+++ Data to process
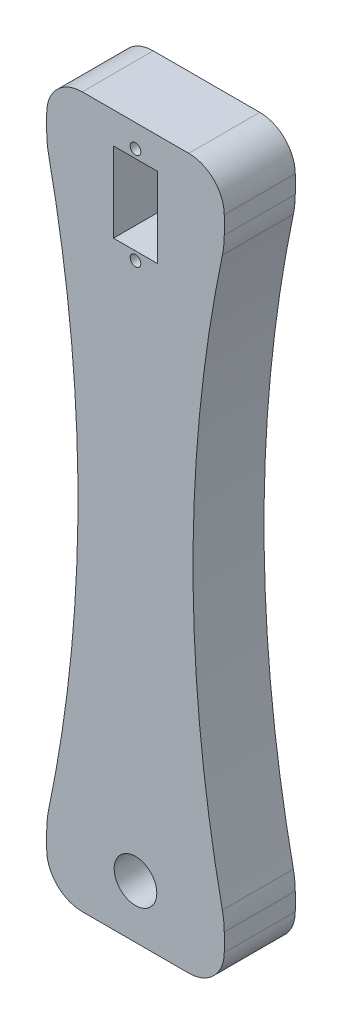
ISO-10303-21;
HEADER;
FILE_DESCRIPTION(('STEP AP214'),'2;1');
FILE_NAME('part.step','',(''),(''),'','','');
FILE_SCHEMA(('AUTOMOTIVE_DESIGN { 1 0 10303 214 1 1 1 1 }'));
ENDSEC;
DATA;
#1=APPLICATION_CONTEXT('core data for automotive mechanical design processes');
#2=APPLICATION_PROTOCOL_DEFINITION('international standard','automotive_design',2000,#1);
#3=PRODUCT_CONTEXT('',#1,'mechanical');
#4=PRODUCT('Part','Part','',(#3));
#5=PRODUCT_RELATED_PRODUCT_CATEGORY('part','',(#4));
#6=PRODUCT_DEFINITION_FORMATION('','',#4);
#7=PRODUCT_DEFINITION_CONTEXT('part definition',#1,'design');
#8=PRODUCT_DEFINITION('design','',#6,#7);
#9=PRODUCT_DEFINITION_SHAPE('','',#8);
#10=(LENGTH_UNIT() NAMED_UNIT(*) SI_UNIT(.MILLI.,.METRE.));
#11=(NAMED_UNIT(*) PLANE_ANGLE_UNIT() SI_UNIT($,.RADIAN.));
#12=(NAMED_UNIT(*) SI_UNIT($,.STERADIAN.) SOLID_ANGLE_UNIT());
#13=UNCERTAINTY_MEASURE_WITH_UNIT(LENGTH_MEASURE(1.E-05),#10,'distance_accuracy_value','');
#14=(GEOMETRIC_REPRESENTATION_CONTEXT(3) GLOBAL_UNCERTAINTY_ASSIGNED_CONTEXT((#13)) GLOBAL_UNIT_ASSIGNED_CONTEXT((#10,
#11,#12)) REPRESENTATION_CONTEXT('',''));
#15=CARTESIAN_POINT('',(0.,0.,0.));
#16=DIRECTION('',(0.,0.,1.));
#17=DIRECTION('',(1.,0.,0.));
#18=AXIS2_PLACEMENT_3D('',#15,#16,#17);
#19=CARTESIAN_POINT('',(0.,0.,20.));
#20=DIRECTION('',(1.,0.,0.));
#21=DIRECTION('',(0.,1.,0.));
#22=AXIS2_PLACEMENT_3D('',#19,#20,#21);
#23=PLANE('',#22);
#24=DIRECTION('',(0.,0.,-1.));
#25=VECTOR('',#24,1.);
#26=CARTESIAN_POINT('',(0.,-185.,20.000012));
#27=LINE('',#26,#25);
#28=CARTESIAN_POINT('',(0.,-185.,0.));
#29=VERTEX_POINT('',#28);
#30=CARTESIAN_POINT('',(0.,-185.,20.));
#31=VERTEX_POINT('',#30);
#32=EDGE_CURVE('E707',#29,#31,#27,.F.);
#33=ORIENTED_EDGE('',*,*,#32,.F.);
#34=DIRECTION('',(0.,-1.,0.));
#35=VECTOR('',#34,1.);
#36=CARTESIAN_POINT('',(0.,0.,0.));
#37=LINE('',#36,#35);
#38=CARTESIAN_POINT('',(0.,-190.,0.));
#39=VERTEX_POINT('',#38);
#40=EDGE_CURVE('E226',#29,#39,#37,.T.);
#41=ORIENTED_EDGE('',*,*,#40,.T.);
#42=DIRECTION('',(0.,0.,-1.));
#43=VECTOR('',#42,1.);
#44=CARTESIAN_POINT('',(0.,-190.,20.));
#45=LINE('',#44,#43);
#46=CARTESIAN_POINT('',(0.,-190.,20.));
#47=VERTEX_POINT('',#46);
#48=EDGE_CURVE('E258',#39,#47,#45,.F.);
#49=ORIENTED_EDGE('',*,*,#48,.T.);
#50=DIRECTION('',(0.,-1.,0.));
#51=VECTOR('',#50,1.);
#52=CARTESIAN_POINT('',(0.,0.,20.));
#53=LINE('',#52,#51);
#54=EDGE_CURVE('E236',#31,#47,#53,.T.);
#55=ORIENTED_EDGE('',*,*,#54,.F.);
#56=EDGE_LOOP('',(#33,#41,#49,#55));
#57=FACE_BOUND('',#56,.T.);
#58=ADVANCED_FACE('F38',(#57),#23,.F.);
#59=CARTESIAN_POINT('',(50.,0.,20.));
#60=DIRECTION('',(-1.,0.,0.));
#61=DIRECTION('',(0.,-1.,0.));
#62=AXIS2_PLACEMENT_3D('',#59,#60,#61);
#63=PLANE('',#62);
#64=DIRECTION('',(0.,0.,-1.));
#65=VECTOR('',#64,1.);
#66=CARTESIAN_POINT('',(50.,-15.,20.000012));
#67=LINE('',#66,#65);
#68=CARTESIAN_POINT('',(50.,-15.,0.));
#69=VERTEX_POINT('',#68);
#70=CARTESIAN_POINT('',(50.,-15.,20.));
#71=VERTEX_POINT('',#70);
#72=EDGE_CURVE('E175',#69,#71,#67,.F.);
#73=ORIENTED_EDGE('',*,*,#72,.F.);
#74=DIRECTION('',(0.,1.,0.));
#75=VECTOR('',#74,1.);
#76=CARTESIAN_POINT('',(50.,0.,0.));
#77=LINE('',#76,#75);
#78=CARTESIAN_POINT('',(50.,-10.,0.));
#79=VERTEX_POINT('',#78);
#80=EDGE_CURVE('E229',#69,#79,#77,.T.);
#81=ORIENTED_EDGE('',*,*,#80,.T.);
#82=DIRECTION('',(0.,0.,-1.));
#83=VECTOR('',#82,1.);
#84=CARTESIAN_POINT('',(50.,-10.,20.));
#85=LINE('',#84,#83);
#86=CARTESIAN_POINT('',(50.,-10.,20.));
#87=VERTEX_POINT('',#86);
#88=EDGE_CURVE('E200',#79,#87,#85,.F.);
#89=ORIENTED_EDGE('',*,*,#88,.T.);
#90=DIRECTION('',(0.,1.,0.));
#91=VECTOR('',#90,1.);
#92=CARTESIAN_POINT('',(50.,0.,20.));
#93=LINE('',#92,#91);
#94=EDGE_CURVE('E193',#71,#87,#93,.T.);
#95=ORIENTED_EDGE('',*,*,#94,.F.);
#96=EDGE_LOOP('',(#73,#81,#89,#95));
#97=FACE_BOUND('',#96,.T.);
#98=ADVANCED_FACE('F198',(#97),#63,.F.);
#99=CARTESIAN_POINT('',(0.,0.,20.));
#100=DIRECTION('',(0.,0.,1.));
#101=DIRECTION('',(1.,0.,0.));
#102=AXIS2_PLACEMENT_3D('',#99,#100,#101);
#103=PLANE('',#102);
#104=CARTESIAN_POINT('',(25.,-15.,20.));
#105=DIRECTION('',(0.,0.,1.));
#106=DIRECTION('',(1.,0.,0.));
#107=AXIS2_PLACEMENT_3D('',#104,#105,#106);
#108=CIRCLE('',#107,25.);
#109=CARTESIAN_POINT('',(49.4699951946866,-20.1204819277109,20.));
#110=VERTEX_POINT('',#109);
#111=EDGE_CURVE('E179',#71,#110,#108,.F.);
#112=ORIENTED_EDGE('',*,*,#111,.F.);
#113=ORIENTED_EDGE('',*,*,#94,.T.);
#114=CARTESIAN_POINT('',(40.,-10.,20.));
#115=DIRECTION('',(0.,0.,1.));
#116=DIRECTION('',(1.,0.,0.));
#117=AXIS2_PLACEMENT_3D('',#114,#115,#116);
#118=CIRCLE('',#117,10.);
#119=CARTESIAN_POINT('',(40.,0.,20.));
#120=VERTEX_POINT('',#119);
#121=EDGE_CURVE('E263',#87,#120,#118,.T.);
#122=ORIENTED_EDGE('',*,*,#121,.T.);
#123=DIRECTION('',(-1.,0.,0.));
#124=VECTOR('',#123,1.);
#125=CARTESIAN_POINT('',(0.,0.,20.));
#126=LINE('',#125,#124);
#127=CARTESIAN_POINT('',(10.,0.,20.));
#128=VERTEX_POINT('',#127);
#129=EDGE_CURVE('E206',#120,#128,#126,.T.);
#130=ORIENTED_EDGE('',*,*,#129,.T.);
#131=CARTESIAN_POINT('',(10.,-10.,20.));
#132=DIRECTION('',(0.,0.,1.));
#133=DIRECTION('',(1.,0.,0.));
#134=AXIS2_PLACEMENT_3D('',#131,#132,#133);
#135=CIRCLE('',#134,10.);
#136=CARTESIAN_POINT('',(0.,-10.,20.));
#137=VERTEX_POINT('',#136);
#138=EDGE_CURVE('E265',#128,#137,#135,.T.);
#139=ORIENTED_EDGE('',*,*,#138,.T.);
#140=CARTESIAN_POINT('',(0.,-15.,20.));
#141=VERTEX_POINT('',#140);
#142=EDGE_CURVE('E209',#137,#141,#53,.T.);
#143=ORIENTED_EDGE('',*,*,#142,.T.);
#144=CARTESIAN_POINT('',(25.,-15.,20.));
#145=DIRECTION('',(0.,0.,1.));
#146=DIRECTION('',(1.,0.,0.));
#147=AXIS2_PLACEMENT_3D('',#144,#145,#146);
#148=CIRCLE('',#147,25.);
#149=CARTESIAN_POINT('',(0.530004805313376,-20.1204819277108,20.));
#150=VERTEX_POINT('',#149);
#151=EDGE_CURVE('E53',#150,#141,#148,.F.);
#152=ORIENTED_EDGE('',*,*,#151,.F.);
#153=CARTESIAN_POINT('',(-381.201920231798,-100.,20.));
#154=DIRECTION('',(0.,0.,1.));
#155=DIRECTION('',(1.,0.,0.));
#156=AXIS2_PLACEMENT_3D('',#153,#154,#155);
#157=CIRCLE('',#156,390.);
#158=CARTESIAN_POINT('',(0.530004805313344,-179.879518072289,20.));
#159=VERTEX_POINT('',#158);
++++++
Activity ▸ Line count for "mechanical": determine it from the data and answer with the number by itself.

Task solution ▸ 2